22. In my judgment that was an approach entirely open to Judge Andrews. Judge Andrews was clearly alive to the issues in respect of the dispute over the Appellant's age before Judge Miller and the change of circumstance in that a post-appeal age assessment had reassessed the Appellant's age to be closer to that which he had all along claimed. Judge Andrews was clearly alive to the approach required under the guidelines in Devaseelan and essayed an application of those guidelines to the particular facts and circumstances of this appeal. In my judgment Judge Andrews reached an evaluation as to how those guidelines should be applied to this appeal that was entirely within the remit of her judgment.
23. Moreover it is clear that Judge Andrews identified and recognised the differences that were advanced in the Appellant's account compared with the way in which the case had previously been put before the First-tier Tribunal: she summarised those differences at paragraph 30 under sub-paragraphs (i) to (iv). Crucially the Judge then said this:
"These are significant discrepancies. In particular, I consider it extremely unlikely that [the Appellant] would have failed to tell Judge Miller that he was told to carry out a suicide bombing, or about the above manner of his escape from detention, if these things were true. In terms of the claimed sexual abuse, the appellant told me he was too embarrassed and ashamed to mention this before. While I recognise that victims of sexual abuse can be reluctant to disclose what has happened to them, this appellant has been represented by different lawyers, and previously appeared before a Tribunal. Taking this into account, I am not persuaded that this late disclosure of sexual abuse is because of shame and embarrassment. I consider it more likely that all the above new claims were made to attempt to bolster a story that had previously been rejected by Judge Miller."
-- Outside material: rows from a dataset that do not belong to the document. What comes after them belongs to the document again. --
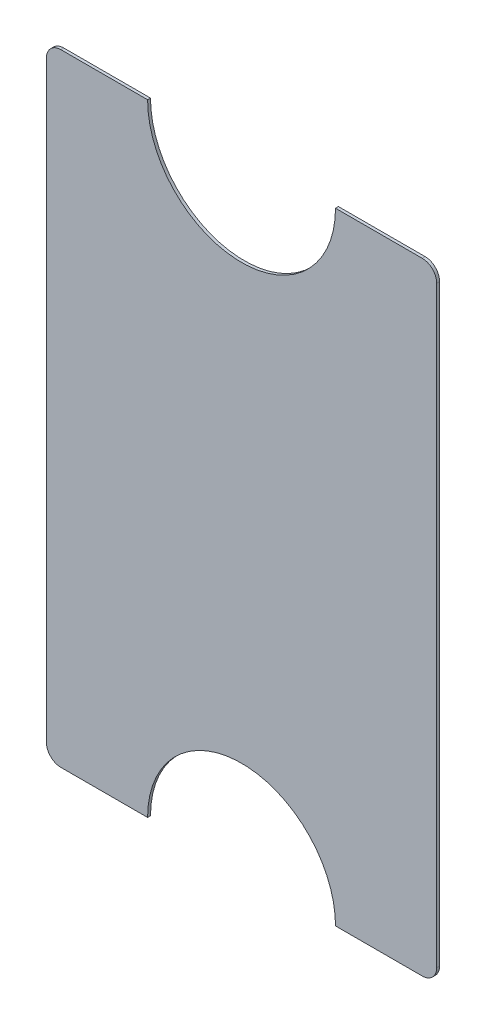
ISO-10303-21;
HEADER;
FILE_DESCRIPTION(('STEP AP214'),'2;1');
FILE_NAME('part.step','',(''),(''),'','','');
FILE_SCHEMA(('AUTOMOTIVE_DESIGN { 1 0 10303 214 1 1 1 1 }'));
ENDSEC;
DATA;
#1=APPLICATION_CONTEXT('core data for automotive mechanical design processes');
#2=APPLICATION_PROTOCOL_DEFINITION('international standard','automotive_design',2000,#1);
#3=PRODUCT_CONTEXT('',#1,'mechanical');
#4=PRODUCT('Part','Part','',(#3));
#5=PRODUCT_RELATED_PRODUCT_CATEGORY('part','',(#4));
#6=PRODUCT_DEFINITION_FORMATION('','',#4);
#7=PRODUCT_DEFINITION_CONTEXT('part definition',#1,'design');
#8=PRODUCT_DEFINITION('design','',#6,#7);
#9=PRODUCT_DEFINITION_SHAPE('','',#8);
#10=(LENGTH_UNIT() NAMED_UNIT(*) SI_UNIT(.MILLI.,.METRE.));
#11=(NAMED_UNIT(*) PLANE_ANGLE_UNIT() SI_UNIT($,.RADIAN.));
#12=(NAMED_UNIT(*) SI_UNIT($,.STERADIAN.) SOLID_ANGLE_UNIT());
#13=UNCERTAINTY_MEASURE_WITH_UNIT(LENGTH_MEASURE(1.E-05),#10,'distance_accuracy_value','');
#14=(GEOMETRIC_REPRESENTATION_CONTEXT(3) GLOBAL_UNCERTAINTY_ASSIGNED_CONTEXT((#13)) GLOBAL_UNIT_ASSIGNED_CONTEXT((#10,
#11,#12)) REPRESENTATION_CONTEXT('',''));
#15=CARTESIAN_POINT('',(0.,0.,0.));
#16=DIRECTION('',(0.,0.,1.));
#17=DIRECTION('',(1.,0.,0.));
#18=AXIS2_PLACEMENT_3D('',#15,#16,#17);
#19=CARTESIAN_POINT('',(-4.824993047503,-5.083004273851,0.43));
#20=DIRECTION('',(0.,0.,1.));
#21=DIRECTION('',(1.,0.,0.));
#22=AXIS2_PLACEMENT_3D('',#19,#20,#21);
#23=PLANE('',#22);
#24=CARTESIAN_POINT('',(-6.124993018382,-7.525000667453,0.43));
#25=DIRECTION('',(0.,0.,1.));
#26=DIRECTION('',(1.,0.,0.));
#27=AXIS2_PLACEMENT_3D('',#24,#25,#26);
#28=CIRCLE('',#27,0.05);
#29=CARTESIAN_POINT('',(-6.12499301778588,-7.57500066745288,0.43));
#30=VERTEX_POINT('',#29);
#31=CARTESIAN_POINT('',(-6.17499301838275,-7.52500066804912,0.43));
#32=VERTEX_POINT('',#31);
#33=EDGE_CURVE('E170',#30,#32,#28,.F.);
#34=ORIENTED_EDGE('',*,*,#33,.F.);
#35=DIRECTION('',(1.,1.19248806385E-08,0.));
#36=VECTOR('',#35,1.);
#37=CARTESIAN_POINT('',(-6.174993017786,-7.575000668049,0.43));
#38=LINE('',#37,#36);
#39=CARTESIAN_POINT('',(-5.824993017786,-7.57500066387529,0.43));
#40=VERTEX_POINT('',#39);
#41=EDGE_CURVE('E138',#40,#30,#38,.F.);
#42=ORIENTED_EDGE('',*,*,#41,.F.);
#43=CARTESIAN_POINT('',(-5.499993017786,-7.57500066,0.43));
#44=DIRECTION('',(0.,0.,1.));
#45=DIRECTION('',(1.,0.,0.));
#46=AXIS2_PLACEMENT_3D('',#43,#44,#45);
#47=CIRCLE('',#46,0.325);
#48=CARTESIAN_POINT('',(-5.174993017786,-7.57500065612406,0.43));
#49=VERTEX_POINT('',#48);
#50=EDGE_CURVE('E108',#40,#49,#47,.F.);
#51=ORIENTED_EDGE('',*,*,#50,.T.);
#52=DIRECTION('',(1.,0.,0.));
#53=VECTOR('',#52,1.);
#54=CARTESIAN_POINT('',(-4.824993047503,-7.575000656124,0.43));
#55=LINE('',#54,#53);
#56=CARTESIAN_POINT('',(-4.874993018084,-7.57500065433533,0.43));
#57=VERTEX_POINT('',#56);
#58=EDGE_CURVE('E109',#49,#57,#55,.T.);
#59=ORIENTED_EDGE('',*,*,#58,.T.);
#60=CARTESIAN_POINT('',(-4.874993018382,-7.525000652547,0.43));
#61=DIRECTION('',(0.,0.,1.));
#62=DIRECTION('',(1.,0.,0.));
#63=AXIS2_PLACEMENT_3D('',#60,#61,#62);
#64=CIRCLE('',#63,0.05);
#65=CARTESIAN_POINT('',(-4.82499301838212,-7.52500065224888,0.43));
#66=VERTEX_POINT('',#65);
#67=EDGE_CURVE('E20',#57,#66,#64,.T.);
#68=ORIENTED_EDGE('',*,*,#67,.T.);
#69=DIRECTION('',(-1.19248806385E-08,1.,0.));
#70=VECTOR('',#69,1.);
#71=CARTESIAN_POINT('',(-4.824993017786,-7.575000651951,0.43));
#72=LINE('',#71,#70);
#73=CARTESIAN_POINT('',(-4.82499304282825,-5.47500065195088,0.43));
#74=VERTEX_POINT('',#73);
#75=EDGE_CURVE('E124',#74,#66,#72,.F.);
#76=ORIENTED_EDGE('',*,*,#75,.F.);
#77=CARTESIAN_POINT('',(-4.874993042828,-5.475000652547,0.43));
#78=DIRECTION('',(0.,0.,1.));
#79=DIRECTION('',(1.,0.,0.));
#80=AXIS2_PLACEMENT_3D('',#77,#78,#79);
#81=CIRCLE('',#80,0.05);
#82=CARTESIAN_POINT('',(-4.87499304342462,-5.42500065254712,0.43));
#83=VERTEX_POINT('',#82);
#84=EDGE_CURVE('E162',#83,#74,#81,.F.);
#85=ORIENTED_EDGE('',*,*,#84,.F.);
#86=DIRECTION('',(-1.,-1.19248806385E-08,0.));
#87=VECTOR('',#86,1.);
#88=CARTESIAN_POINT('',(-4.824993043425,-5.425000651951,0.43));
#89=LINE('',#88,#87);
#90=CARTESIAN_POINT('',(-5.174993043425,-5.42500065612471,0.43));
#91=VERTEX_POINT('',#90);
#92=EDGE_CURVE('E126',#91,#83,#89,.F.);
#93=ORIENTED_EDGE('',*,*,#92,.F.);
#94=CARTESIAN_POINT('',(-5.499993043425,-5.42500066,0.43));
#95=DIRECTION('',(0.,0.,1.));
#96=DIRECTION('',(1.,0.,0.));
#97=AXIS2_PLACEMENT_3D('',#94,#95,#96);
#98=CIRCLE('',#97,0.325);
#99=CARTESIAN_POINT('',(-5.824993043425,-5.42500066387594,0.43));
#100=VERTEX_POINT('',#99);
#101=EDGE_CURVE('E165',#91,#100,#98,.F.);
#102=ORIENTED_EDGE('',*,*,#101,.T.);
#103=DIRECTION('',(-1.,-1.19248806385E-08,0.));
#104=VECTOR('',#103,1.);
#105=CARTESIAN_POINT('',(-4.824993043425,-5.425000651951,0.43));
#106=LINE('',#105,#104);
#107=CARTESIAN_POINT('',(-6.12499304342462,-5.42500066745334,0.43));
#108=VERTEX_POINT('',#107);
#109=EDGE_CURVE('E130',#108,#100,#106,.F.);
#110=ORIENTED_EDGE('',*,*,#109,.F.);
#111=CARTESIAN_POINT('',(-6.124993042828,-5.475000667453,0.43));
#112=DIRECTION('',(0.,0.,1.));
#113=DIRECTION('',(1.,0.,0.));
#114=AXIS2_PLACEMENT_3D('',#111,#112,#113);
#115=CIRCLE('',#114,0.05);
#116=CARTESIAN_POINT('',(-6.17499304282838,-5.47500066804912,0.43));
#117=VERTEX_POINT('',#116);
#118=EDGE_CURVE('E168',#117,#108,#115,.F.);
#119=ORIENTED_EDGE('',*,*,#118,.F.);
#120=DIRECTION('',(1.19248806385E-08,-1.,0.));
#121=VECTOR('',#120,1.);
#122=CARTESIAN_POINT('',(-6.174993043425,-5.425000668049,0.43));
#123=LINE('',#122,#121);
#124=EDGE_CURVE('E134',#32,#117,#123,.F.);
#125=ORIENTED_EDGE('',*,*,#124,.F.);
#126=EDGE_LOOP('',(#34,#42,#51,#59,#68,#76,#85,#93,#102,#110,#119,#125));
#127=FACE_BOUND('',#126,.T.);
#128=ADVANCED_FACE('F17',(#127),#23,.T.);
#129=CARTESIAN_POINT('',(-5.499993017786,-7.57500066,0.43));
#130=DIRECTION('',(0.,0.,1.));
#131=DIRECTION('',(1.,0.,0.));
#132=AXIS2_PLACEMENT_3D('',#129,#130,#131);
#133=CYLINDRICAL_SURFACE('',#132,0.325);
#134=DIRECTION('',(0.,0.,1.));
#135=VECTOR('',#134,1.);
#136=CARTESIAN_POINT('',(-5.824993017786,-7.57500066387529,0.));
#137=LINE('',#136,#135);
#138=CARTESIAN_POINT('',(-5.824993017786,-7.57500066387565,0.42));
#139=VERTEX_POINT('',#138);
#140=EDGE_CURVE('E141',#139,#40,#137,.T.);
#141=ORIENTED_EDGE('',*,*,#140,.F.);
#142=CARTESIAN_POINT('',(-5.499993017786,-7.57500066,0.42));
#143=DIRECTION('',(0.,0.,1.));
#144=DIRECTION('',(1.,0.,0.));
#145=AXIS2_PLACEMENT_3D('',#142,#143,#144);
#146=CIRCLE('',#145,0.325);
#147=CARTESIAN_POINT('',(-5.174993017786,-7.57500065433556,0.42));
#148=VERTEX_POINT('',#147);
#149=EDGE_CURVE('E115',#148,#139,#146,.T.);
#150=ORIENTED_EDGE('',*,*,#149,.F.);
#151=DIRECTION('',(0.,0.,1.));
#152=VECTOR('',#151,1.);
#153=CARTESIAN_POINT('',(-5.174993017786,-7.57500065612412,0.));
#154=LINE('',#153,#152);
#155=EDGE_CURVE('E116',#49,#148,#154,.F.);
#156=ORIENTED_EDGE('',*,*,#155,.F.);
#157=ORIENTED_EDGE('',*,*,#50,.F.);
#158=EDGE_LOOP('',(#141,#150,#156,#157));
#159=FACE_BOUND('',#158,.T.);
#160=ADVANCED_FACE('F235',(#159),#133,.F.);
#161=CARTESIAN_POINT('',(-6.174993017786,-7.575000668049,0.));
#162=DIRECTION('',(1.19248806385E-08,-1.,0.));
#163=DIRECTION('',(1.,1.19248806385E-08,0.));
#164=AXIS2_PLACEMENT_3D('',#161,#162,#163);
#165=PLANE('',#164);
#166=DIRECTION('',(0.,0.,1.));
#167=VECTOR('',#166,1.);
#168=CARTESIAN_POINT('',(-6.124993017786,-7.575000667453,0.));
#169=LINE('',#168,#167);
#170=CARTESIAN_POINT('',(-6.124993018084,-7.5750006656645,0.42));
#171=VERTEX_POINT('',#170);
#172=EDGE_CURVE('E140',#171,#30,#169,.T.);
#173=ORIENTED_EDGE('',*,*,#172,.F.);
#174=DIRECTION('',(-1.,0.,0.));
#175=VECTOR('',#174,1.);
#176=CARTESIAN_POINT('',(-4.824992989262,-7.575000663876,0.42));
#177=LINE('',#176,#175);
#178=EDGE_CURVE('E159',#139,#171,#177,.T.);
#179=ORIENTED_EDGE('',*,*,#178,.F.);
#180=ORIENTED_EDGE('',*,*,#140,.T.);
#181=ORIENTED_EDGE('',*,*,#41,.T.);
#182=EDGE_LOOP('',(#173,#179,#180,#181));
#183=FACE_BOUND('',#182,.T.);
#184=ADVANCED_FACE('F233',(#183),#165,.T.);
#185=CARTESIAN_POINT('',(-6.124993018382,-7.525000667453,0.));
#186=DIRECTION('',(0.,0.,1.));
#187=DIRECTION('',(1.,0.,0.));
#188=AXIS2_PLACEMENT_3D('',#185,#186,#187);
#189=CYLINDRICAL_SURFACE('',#188,0.05);
#190=ORIENTED_EDGE('',*,*,#33,.T.);
#191=DIRECTION('',(0.,0.,1.));
#192=VECTOR('',#191,1.);
#193=CARTESIAN_POINT('',(-6.17499301838275,-7.525000668049,0.));
#194=LINE('',#193,#192);
#195=CARTESIAN_POINT('',(-6.17499301838238,-7.525000667751,0.42));
#196=VERTEX_POINT('',#195);
#197=EDGE_CURVE('E137',#196,#32,#194,.T.);
#198=ORIENTED_EDGE('',*,*,#197,.F.);
#199=CARTESIAN_POINT('',(-6.124993018382,-7.525000667453,0.42));
#200=DIRECTION('',(0.,0.,1.));
#201=DIRECTION('',(1.,0.,0.));
#202=AXIS2_PLACEMENT_3D('',#199,#200,#201);
#203=CIRCLE('',#202,0.05);
#204=EDGE_CURVE('E156',#171,#196,#203,.F.);
#205=ORIENTED_EDGE('',*,*,#204,.F.);
#206=ORIENTED_EDGE('',*,*,#172,.T.);
#207=EDGE_LOOP('',(#190,#198,#205,#206));
#208=FACE_BOUND('',#207,.T.);
#209=ADVANCED_FACE('F232',(#208),#189,.T.);
#210=CARTESIAN_POINT('',(-6.174993043425,-5.425000668049,0.));
#211=DIRECTION('',(-1.,-1.19248806385E-08,0.));
#212=DIRECTION('',(1.19248806385E-08,-1.,0.));
#213=AXIS2_PLACEMENT_3D('',#210,#211,#212);
#214=PLANE('',#213);
#215=ORIENTED_EDGE('',*,*,#124,.T.);
#216=DIRECTION('',(0.,0.,1.));
#217=VECTOR('',#216,1.);
#218=CARTESIAN_POINT('',(-6.174993042828,-5.475000668049,0.));
#219=LINE('',#218,#217);
#220=CARTESIAN_POINT('',(-6.174993030605,-5.475000667751,0.42));
#221=VERTEX_POINT('',#220);
#222=EDGE_CURVE('E136',#221,#117,#219,.T.);
#223=ORIENTED_EDGE('',*,*,#222,.F.);
#224=DIRECTION('',(0.,1.,0.));
#225=VECTOR('',#224,1.);
#226=CARTESIAN_POINT('',(-6.174993018382,-9.966997030051,0.42));
#227=LINE('',#226,#225);
#228=EDGE_CURVE('E155',#196,#221,#227,.T.);
#229=ORIENTED_EDGE('',*,*,#228,.F.);
#230=ORIENTED_EDGE('',*,*,#197,.T.);
#231=EDGE_LOOP('',(#215,#223,#229,#230));
#232=FACE_BOUND('',#231,.T.);
#233=ADVANCED_FACE('F229',(#232),#214,.T.);
#234=CARTESIAN_POINT('',(-6.124993042828,-5.475000667453,0.));
#235=DIRECTION('',(0.,0.,1.));
#236=DIRECTION('',(1.,0.,0.));
#237=AXIS2_PLACEMENT_3D('',#234,#235,#236);
#238=CYLINDRICAL_SURFACE('',#237,0.05);
#239=ORIENTED_EDGE('',*,*,#118,.T.);
#240=DIRECTION('',(0.,0.,1.));
#241=VECTOR('',#240,1.);
#242=CARTESIAN_POINT('',(-6.124993043425,-5.42500066745334,0.));
#243=LINE('',#242,#241);
#244=CARTESIAN_POINT('',(-6.1249930431265,-5.42500066745317,0.42));
#245=VERTEX_POINT('',#244);
#246=EDGE_CURVE('E133',#245,#108,#243,.T.);
#247=ORIENTED_EDGE('',*,*,#246,.F.);
#248=CARTESIAN_POINT('',(-6.124993042828,-5.475000667453,0.42));
#249=DIRECTION('',(0.,0.,1.));
#250=DIRECTION('',(1.,0.,0.));
#251=AXIS2_PLACEMENT_3D('',#248,#249,#250);
#252=CIRCLE('',#251,0.05);
#253=EDGE_CURVE('E152',#221,#245,#252,.F.);
#254=ORIENTED_EDGE('',*,*,#253,.F.);
#255=ORIENTED_EDGE('',*,*,#222,.T.);
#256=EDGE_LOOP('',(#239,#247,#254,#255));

24. Moreover and in any event the Judge - having emphasised that she had considered all of the evidence 'in the round' (for example see paragraphs 25 and 26), and specifically that "credibility is a matter for me to decide on the totality of the evidence" (paragraph 33) - set out further analysis in respect of the Appellant's credibility by reference to supporting documents (see paragraphs 32 and 33), leading her to the adverse conclusion at paragraph 34, which even then is prefaced with a note of caution about the nature of a credibility assessment.
25. In my judgment Mr Gibson-Lee's argument that Judge Andrews should have disregarded Judge Miller's findings is essentially a disagreement with the Judge's evaluation of the approach to be taken within the Devaseelan guidelines. It does not, I find, identify an error of law. In all those circumstances I find that the decision of Judge Andrews is not in any way flawed for error of law but in fact is a thorough attempt to address all of the issues raised by the Appellant, including in particular the approach to be taken to Judge Miller's decision in light of the changed premise in respect of his age, and also specifically in respect of the likely or possible reluctance of a victim of sexual abuse to speak freely about such abuse in any particular circumstance.
Notice of Decision
26. The decision of the First-tier Tribunal contained no error of law and stands.
27. The appeal remains dismissed.
28. No anonymity direction is sought or made.
The above represents a corrected transcript of an ex tempore decision given at the conclusion of the hearing.